RAW DATA:
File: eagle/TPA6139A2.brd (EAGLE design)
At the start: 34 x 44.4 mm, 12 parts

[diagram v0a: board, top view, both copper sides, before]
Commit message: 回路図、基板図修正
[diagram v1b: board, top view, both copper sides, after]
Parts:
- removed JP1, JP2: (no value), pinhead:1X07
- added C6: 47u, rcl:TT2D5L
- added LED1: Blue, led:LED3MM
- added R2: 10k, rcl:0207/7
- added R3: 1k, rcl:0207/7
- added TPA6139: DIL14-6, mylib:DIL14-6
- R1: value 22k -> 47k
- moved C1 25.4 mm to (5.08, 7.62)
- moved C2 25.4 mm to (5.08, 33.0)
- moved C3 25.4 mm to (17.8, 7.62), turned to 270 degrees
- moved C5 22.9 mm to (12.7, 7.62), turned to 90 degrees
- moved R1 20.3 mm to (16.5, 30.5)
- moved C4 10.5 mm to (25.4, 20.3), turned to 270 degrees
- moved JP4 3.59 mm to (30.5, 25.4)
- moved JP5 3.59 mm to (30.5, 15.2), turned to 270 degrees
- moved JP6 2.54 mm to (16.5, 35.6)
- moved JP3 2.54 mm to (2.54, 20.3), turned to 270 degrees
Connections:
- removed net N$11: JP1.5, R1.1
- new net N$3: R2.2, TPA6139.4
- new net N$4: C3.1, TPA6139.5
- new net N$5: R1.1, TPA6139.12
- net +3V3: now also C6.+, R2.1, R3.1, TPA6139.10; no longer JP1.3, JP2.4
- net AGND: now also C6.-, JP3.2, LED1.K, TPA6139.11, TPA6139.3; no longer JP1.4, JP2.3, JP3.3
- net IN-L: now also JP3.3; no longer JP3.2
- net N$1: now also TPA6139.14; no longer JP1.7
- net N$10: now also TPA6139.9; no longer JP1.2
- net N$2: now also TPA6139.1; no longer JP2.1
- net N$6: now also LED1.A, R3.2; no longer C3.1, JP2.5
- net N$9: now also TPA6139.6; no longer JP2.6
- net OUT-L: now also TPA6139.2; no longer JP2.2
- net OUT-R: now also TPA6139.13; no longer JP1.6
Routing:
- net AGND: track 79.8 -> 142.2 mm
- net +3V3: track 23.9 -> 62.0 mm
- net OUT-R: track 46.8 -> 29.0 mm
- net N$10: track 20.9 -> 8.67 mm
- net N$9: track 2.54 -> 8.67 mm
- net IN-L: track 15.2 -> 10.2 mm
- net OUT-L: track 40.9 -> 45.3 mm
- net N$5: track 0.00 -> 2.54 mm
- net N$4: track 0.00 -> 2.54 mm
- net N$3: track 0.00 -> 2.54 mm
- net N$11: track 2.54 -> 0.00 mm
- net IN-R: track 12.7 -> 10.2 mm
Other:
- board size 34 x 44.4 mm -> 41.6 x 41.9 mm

TASK ITEM:
Whenever "diagram" occurs in a line of the entries, copy that line.

WRITTEN RESPONSE:
[diagram v0a: board, top view, both copper sides, before]
[diagram v1b: board, top view, both copper sides, after]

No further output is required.